Only the lines below between the ones containing "#169=VECTOR('',#168,1.);" and "#191=ORIENTED_EDGE('',*,*,#190,.F.);", inclusive, are to be reproduced, each exactly as it stands.
◇ ◇ ◇ ◇ ◇
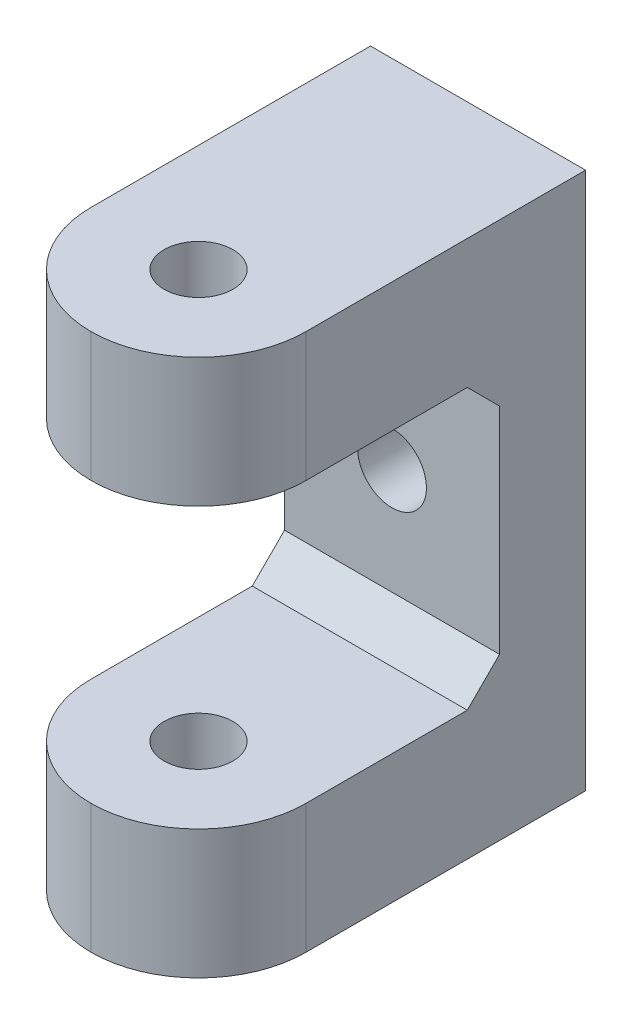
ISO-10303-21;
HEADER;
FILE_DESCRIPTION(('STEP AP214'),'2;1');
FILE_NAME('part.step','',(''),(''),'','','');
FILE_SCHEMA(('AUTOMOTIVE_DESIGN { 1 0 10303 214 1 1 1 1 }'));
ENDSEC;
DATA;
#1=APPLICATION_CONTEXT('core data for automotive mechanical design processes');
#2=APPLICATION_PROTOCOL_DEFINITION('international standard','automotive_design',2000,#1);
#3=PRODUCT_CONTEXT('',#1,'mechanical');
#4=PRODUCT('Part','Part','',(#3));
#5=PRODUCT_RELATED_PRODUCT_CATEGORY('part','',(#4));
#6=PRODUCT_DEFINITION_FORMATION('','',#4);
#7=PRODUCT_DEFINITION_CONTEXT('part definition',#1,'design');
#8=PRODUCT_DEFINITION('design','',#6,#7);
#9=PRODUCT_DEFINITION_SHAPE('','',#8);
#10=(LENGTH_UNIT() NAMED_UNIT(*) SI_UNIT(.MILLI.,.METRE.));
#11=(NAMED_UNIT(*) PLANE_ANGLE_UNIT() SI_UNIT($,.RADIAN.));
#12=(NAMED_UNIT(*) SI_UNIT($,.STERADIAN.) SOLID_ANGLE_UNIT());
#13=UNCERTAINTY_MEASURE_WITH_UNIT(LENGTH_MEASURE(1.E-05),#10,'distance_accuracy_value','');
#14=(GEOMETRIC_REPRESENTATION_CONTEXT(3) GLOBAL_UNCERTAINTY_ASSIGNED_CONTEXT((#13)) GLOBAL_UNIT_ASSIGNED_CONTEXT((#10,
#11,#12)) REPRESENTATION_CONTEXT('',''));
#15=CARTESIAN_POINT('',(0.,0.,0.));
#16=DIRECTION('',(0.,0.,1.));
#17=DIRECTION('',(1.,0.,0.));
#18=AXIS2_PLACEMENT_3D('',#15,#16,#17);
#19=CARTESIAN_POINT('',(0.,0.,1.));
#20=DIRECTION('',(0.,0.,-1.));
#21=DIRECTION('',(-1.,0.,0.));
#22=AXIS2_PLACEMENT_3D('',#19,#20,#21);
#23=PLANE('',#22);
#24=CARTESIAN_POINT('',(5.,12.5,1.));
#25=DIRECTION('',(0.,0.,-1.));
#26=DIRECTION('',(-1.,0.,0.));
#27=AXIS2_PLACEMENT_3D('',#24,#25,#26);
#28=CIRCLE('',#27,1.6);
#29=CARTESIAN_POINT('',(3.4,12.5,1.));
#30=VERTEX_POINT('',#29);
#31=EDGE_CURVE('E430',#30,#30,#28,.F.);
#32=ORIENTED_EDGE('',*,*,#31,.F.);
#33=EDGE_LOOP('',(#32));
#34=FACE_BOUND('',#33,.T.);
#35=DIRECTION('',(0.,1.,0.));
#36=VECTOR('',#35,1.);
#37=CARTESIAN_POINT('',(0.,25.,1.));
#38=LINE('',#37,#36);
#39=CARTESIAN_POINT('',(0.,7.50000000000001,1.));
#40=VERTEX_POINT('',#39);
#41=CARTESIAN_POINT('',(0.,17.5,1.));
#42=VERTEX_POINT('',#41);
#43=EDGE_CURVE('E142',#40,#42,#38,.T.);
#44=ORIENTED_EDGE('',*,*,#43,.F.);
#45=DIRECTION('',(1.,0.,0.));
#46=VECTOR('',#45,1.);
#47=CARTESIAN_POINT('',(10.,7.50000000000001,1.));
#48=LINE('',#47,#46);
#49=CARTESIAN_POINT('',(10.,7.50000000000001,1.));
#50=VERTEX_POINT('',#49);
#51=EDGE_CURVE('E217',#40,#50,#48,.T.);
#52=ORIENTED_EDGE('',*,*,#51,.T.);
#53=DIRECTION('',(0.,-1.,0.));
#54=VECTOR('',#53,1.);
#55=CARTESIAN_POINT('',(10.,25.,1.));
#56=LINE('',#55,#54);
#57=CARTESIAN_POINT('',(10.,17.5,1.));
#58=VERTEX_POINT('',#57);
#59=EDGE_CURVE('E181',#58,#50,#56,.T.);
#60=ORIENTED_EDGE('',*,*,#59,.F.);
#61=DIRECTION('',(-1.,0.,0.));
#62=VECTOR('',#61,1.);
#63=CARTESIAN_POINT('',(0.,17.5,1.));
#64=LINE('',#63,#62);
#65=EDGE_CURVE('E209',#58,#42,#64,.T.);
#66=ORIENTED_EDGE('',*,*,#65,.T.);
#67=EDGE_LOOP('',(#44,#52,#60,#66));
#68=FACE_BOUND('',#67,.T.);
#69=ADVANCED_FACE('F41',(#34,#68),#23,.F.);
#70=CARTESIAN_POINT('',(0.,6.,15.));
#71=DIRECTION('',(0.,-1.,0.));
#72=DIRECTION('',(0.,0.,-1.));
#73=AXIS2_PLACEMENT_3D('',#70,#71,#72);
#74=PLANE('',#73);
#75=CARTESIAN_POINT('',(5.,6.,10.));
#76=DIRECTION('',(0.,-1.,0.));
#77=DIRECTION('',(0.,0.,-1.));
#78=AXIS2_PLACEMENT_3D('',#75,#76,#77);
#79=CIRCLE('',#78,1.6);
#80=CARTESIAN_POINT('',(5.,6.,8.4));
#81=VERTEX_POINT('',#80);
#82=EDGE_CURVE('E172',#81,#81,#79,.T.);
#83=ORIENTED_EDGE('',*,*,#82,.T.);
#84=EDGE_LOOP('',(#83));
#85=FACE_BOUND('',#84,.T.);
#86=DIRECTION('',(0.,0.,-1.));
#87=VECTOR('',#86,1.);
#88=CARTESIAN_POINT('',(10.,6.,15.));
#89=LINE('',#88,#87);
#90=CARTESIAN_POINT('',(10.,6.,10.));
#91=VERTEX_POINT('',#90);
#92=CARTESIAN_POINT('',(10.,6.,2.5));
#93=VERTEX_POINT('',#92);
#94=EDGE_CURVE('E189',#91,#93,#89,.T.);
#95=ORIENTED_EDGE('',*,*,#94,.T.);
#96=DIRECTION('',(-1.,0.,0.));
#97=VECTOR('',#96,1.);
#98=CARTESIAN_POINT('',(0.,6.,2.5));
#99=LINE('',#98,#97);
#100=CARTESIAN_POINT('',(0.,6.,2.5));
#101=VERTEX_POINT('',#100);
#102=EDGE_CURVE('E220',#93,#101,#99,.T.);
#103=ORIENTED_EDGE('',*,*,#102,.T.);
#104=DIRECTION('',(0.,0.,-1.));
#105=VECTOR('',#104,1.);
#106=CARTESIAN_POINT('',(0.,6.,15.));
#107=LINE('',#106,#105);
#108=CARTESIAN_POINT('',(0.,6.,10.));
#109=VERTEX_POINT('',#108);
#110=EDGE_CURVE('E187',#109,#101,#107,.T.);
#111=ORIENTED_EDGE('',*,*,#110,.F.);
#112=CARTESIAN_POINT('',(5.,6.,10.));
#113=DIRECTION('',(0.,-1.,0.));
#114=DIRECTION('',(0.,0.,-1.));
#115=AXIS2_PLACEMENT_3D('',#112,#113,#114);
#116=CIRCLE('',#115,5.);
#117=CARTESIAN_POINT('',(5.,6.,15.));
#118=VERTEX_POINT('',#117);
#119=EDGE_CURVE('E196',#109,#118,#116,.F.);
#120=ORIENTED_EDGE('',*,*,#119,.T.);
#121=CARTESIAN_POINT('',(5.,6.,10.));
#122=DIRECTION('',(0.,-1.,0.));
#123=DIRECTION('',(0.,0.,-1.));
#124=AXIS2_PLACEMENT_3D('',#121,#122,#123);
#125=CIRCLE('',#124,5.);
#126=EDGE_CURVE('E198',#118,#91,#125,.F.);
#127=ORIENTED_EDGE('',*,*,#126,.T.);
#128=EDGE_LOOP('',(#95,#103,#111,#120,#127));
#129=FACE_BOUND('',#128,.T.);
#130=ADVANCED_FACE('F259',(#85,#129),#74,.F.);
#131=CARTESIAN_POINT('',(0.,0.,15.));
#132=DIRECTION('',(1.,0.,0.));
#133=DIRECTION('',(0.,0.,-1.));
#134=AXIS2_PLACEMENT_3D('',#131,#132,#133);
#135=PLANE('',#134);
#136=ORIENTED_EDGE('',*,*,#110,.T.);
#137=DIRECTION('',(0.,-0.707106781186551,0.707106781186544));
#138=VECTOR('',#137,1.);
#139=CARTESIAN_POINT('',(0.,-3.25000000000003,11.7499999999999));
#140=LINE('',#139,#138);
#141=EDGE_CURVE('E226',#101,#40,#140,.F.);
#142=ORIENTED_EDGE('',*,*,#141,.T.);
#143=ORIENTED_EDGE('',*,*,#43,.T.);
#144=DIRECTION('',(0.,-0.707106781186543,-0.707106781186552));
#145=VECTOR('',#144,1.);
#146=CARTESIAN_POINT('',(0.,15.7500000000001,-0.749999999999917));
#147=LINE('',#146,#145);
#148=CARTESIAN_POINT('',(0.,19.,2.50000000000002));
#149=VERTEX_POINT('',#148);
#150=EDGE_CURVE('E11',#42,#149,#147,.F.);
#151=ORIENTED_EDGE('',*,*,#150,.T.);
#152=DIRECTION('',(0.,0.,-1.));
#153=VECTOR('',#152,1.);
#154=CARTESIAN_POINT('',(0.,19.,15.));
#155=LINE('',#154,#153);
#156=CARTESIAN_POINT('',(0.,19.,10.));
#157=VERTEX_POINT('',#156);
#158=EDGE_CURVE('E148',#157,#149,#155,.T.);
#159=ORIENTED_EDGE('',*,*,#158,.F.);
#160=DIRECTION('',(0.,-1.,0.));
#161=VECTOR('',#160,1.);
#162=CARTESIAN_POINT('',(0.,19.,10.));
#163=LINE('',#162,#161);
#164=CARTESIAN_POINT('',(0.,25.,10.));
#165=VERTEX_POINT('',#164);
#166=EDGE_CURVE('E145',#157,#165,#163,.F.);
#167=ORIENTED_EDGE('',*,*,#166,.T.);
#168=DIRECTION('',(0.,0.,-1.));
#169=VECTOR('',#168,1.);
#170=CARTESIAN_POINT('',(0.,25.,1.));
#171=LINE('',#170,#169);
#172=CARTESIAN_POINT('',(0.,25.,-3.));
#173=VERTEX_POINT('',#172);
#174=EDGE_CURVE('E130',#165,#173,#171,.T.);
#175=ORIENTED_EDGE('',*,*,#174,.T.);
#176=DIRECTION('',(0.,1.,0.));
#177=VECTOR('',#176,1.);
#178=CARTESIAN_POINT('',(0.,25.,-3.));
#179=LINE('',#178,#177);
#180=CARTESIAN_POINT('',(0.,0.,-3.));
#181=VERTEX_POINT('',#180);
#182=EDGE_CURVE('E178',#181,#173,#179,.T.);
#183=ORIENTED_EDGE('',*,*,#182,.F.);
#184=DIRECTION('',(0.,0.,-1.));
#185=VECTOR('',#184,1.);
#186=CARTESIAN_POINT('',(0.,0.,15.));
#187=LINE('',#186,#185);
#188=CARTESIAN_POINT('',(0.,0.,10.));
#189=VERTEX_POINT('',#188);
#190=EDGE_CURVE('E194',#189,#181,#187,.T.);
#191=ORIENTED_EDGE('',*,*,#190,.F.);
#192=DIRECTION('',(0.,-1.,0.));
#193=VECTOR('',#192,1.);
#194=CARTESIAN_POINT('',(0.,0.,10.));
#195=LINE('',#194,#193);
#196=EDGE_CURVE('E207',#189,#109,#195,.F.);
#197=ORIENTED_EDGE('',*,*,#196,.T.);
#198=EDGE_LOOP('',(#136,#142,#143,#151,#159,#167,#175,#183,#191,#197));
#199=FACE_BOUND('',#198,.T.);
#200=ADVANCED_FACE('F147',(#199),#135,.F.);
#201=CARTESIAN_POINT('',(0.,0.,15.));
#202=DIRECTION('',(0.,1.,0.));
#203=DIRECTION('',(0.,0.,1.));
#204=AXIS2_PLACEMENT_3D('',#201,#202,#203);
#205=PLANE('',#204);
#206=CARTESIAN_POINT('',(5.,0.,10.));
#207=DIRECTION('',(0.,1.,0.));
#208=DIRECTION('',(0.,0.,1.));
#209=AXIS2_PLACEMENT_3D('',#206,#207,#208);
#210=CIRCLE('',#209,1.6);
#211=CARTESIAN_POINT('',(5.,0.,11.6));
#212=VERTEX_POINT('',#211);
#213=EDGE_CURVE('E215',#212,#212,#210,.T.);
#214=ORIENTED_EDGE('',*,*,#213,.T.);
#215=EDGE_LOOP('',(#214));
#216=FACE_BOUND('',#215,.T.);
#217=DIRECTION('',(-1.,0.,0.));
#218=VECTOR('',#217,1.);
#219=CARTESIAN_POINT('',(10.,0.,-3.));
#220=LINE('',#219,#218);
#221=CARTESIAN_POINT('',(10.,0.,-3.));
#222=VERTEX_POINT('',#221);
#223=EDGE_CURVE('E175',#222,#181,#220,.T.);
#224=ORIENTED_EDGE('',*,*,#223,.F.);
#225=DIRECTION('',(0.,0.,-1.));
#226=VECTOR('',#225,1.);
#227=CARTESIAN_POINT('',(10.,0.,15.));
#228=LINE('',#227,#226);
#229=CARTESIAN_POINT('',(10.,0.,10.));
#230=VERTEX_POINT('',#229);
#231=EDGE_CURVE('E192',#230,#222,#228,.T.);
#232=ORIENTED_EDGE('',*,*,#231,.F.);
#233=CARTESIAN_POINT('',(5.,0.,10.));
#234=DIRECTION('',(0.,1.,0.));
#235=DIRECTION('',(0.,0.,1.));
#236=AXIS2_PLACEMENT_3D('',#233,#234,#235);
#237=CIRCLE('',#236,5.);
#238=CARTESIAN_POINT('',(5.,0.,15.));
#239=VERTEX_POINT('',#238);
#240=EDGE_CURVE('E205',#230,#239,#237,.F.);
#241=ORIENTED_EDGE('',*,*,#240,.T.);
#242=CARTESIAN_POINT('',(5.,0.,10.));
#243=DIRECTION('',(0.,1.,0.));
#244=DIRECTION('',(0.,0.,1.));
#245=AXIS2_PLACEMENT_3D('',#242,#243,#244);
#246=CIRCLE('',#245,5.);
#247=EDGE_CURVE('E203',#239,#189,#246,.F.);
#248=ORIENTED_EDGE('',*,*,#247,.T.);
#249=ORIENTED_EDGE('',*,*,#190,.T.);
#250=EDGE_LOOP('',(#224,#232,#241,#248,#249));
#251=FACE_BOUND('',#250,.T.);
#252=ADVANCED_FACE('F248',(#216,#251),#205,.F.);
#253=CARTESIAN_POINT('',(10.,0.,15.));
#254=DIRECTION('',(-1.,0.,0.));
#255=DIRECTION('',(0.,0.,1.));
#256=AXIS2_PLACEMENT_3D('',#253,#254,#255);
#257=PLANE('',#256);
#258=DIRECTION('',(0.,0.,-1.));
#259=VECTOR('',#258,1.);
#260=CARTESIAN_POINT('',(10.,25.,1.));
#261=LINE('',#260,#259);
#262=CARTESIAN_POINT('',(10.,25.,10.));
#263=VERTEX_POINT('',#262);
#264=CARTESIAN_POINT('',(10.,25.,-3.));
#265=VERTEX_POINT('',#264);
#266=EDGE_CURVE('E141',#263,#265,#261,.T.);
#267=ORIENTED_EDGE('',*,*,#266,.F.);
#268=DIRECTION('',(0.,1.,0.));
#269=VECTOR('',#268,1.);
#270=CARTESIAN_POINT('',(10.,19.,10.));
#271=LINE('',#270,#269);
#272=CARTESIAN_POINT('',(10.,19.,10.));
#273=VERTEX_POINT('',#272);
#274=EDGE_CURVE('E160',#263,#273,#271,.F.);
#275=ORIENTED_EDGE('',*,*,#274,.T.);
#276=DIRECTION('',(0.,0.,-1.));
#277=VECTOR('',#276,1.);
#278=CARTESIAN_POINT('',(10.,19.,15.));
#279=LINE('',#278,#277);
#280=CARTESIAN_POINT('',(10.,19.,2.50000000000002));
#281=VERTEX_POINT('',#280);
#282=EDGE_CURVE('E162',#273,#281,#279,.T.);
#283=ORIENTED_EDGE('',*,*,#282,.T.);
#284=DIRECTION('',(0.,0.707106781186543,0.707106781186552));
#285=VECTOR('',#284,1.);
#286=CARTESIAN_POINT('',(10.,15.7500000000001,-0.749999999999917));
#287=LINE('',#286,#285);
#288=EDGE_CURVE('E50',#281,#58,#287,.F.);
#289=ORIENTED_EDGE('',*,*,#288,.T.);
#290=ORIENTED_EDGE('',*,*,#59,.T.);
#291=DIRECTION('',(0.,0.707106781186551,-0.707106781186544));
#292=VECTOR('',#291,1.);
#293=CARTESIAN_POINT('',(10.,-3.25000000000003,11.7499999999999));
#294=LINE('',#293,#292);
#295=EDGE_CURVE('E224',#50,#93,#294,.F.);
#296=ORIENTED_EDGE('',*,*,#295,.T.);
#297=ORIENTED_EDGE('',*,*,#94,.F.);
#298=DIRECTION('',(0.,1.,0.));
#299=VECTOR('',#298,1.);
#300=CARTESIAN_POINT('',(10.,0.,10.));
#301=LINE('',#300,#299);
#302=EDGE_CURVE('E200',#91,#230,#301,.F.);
◇ ◇ ◇ ◇ ◇
■ **SOLUTION TO THIS TASK**
#169=VECTOR('',#168,1.);
#170=CARTESIAN_POINT('',(0.,25.,1.));
#171=LINE('',#170,#169);
#172=CARTESIAN_POINT('',(0.,25.,-3.));
#173=VERTEX_POINT('',#172);
#174=EDGE_CURVE('E130',#165,#173,#171,.T.);
#175=ORIENTED_EDGE('',*,*,#174,.T.);
#176=DIRECTION('',(0.,1.,0.));
#177=VECTOR('',#176,1.);
#178=CARTESIAN_POINT('',(0.,25.,-3.));
#179=LINE('',#178,#177);
#180=CARTESIAN_POINT('',(0.,0.,-3.));
#181=VERTEX_POINT('',#180);
#182=EDGE_CURVE('E178',#181,#173,#179,.T.);
#183=ORIENTED_EDGE('',*,*,#182,.F.);
#184=DIRECTION('',(0.,0.,-1.));
#185=VECTOR('',#184,1.);
#186=CARTESIAN_POINT('',(0.,0.,15.));
#187=LINE('',#186,#185);
#188=CARTESIAN_POINT('',(0.,0.,10.));
#189=VERTEX_POINT('',#188);
#190=EDGE_CURVE('E194',#189,#181,#187,.T.);
#191=ORIENTED_EDGE('',*,*,#190,.F.);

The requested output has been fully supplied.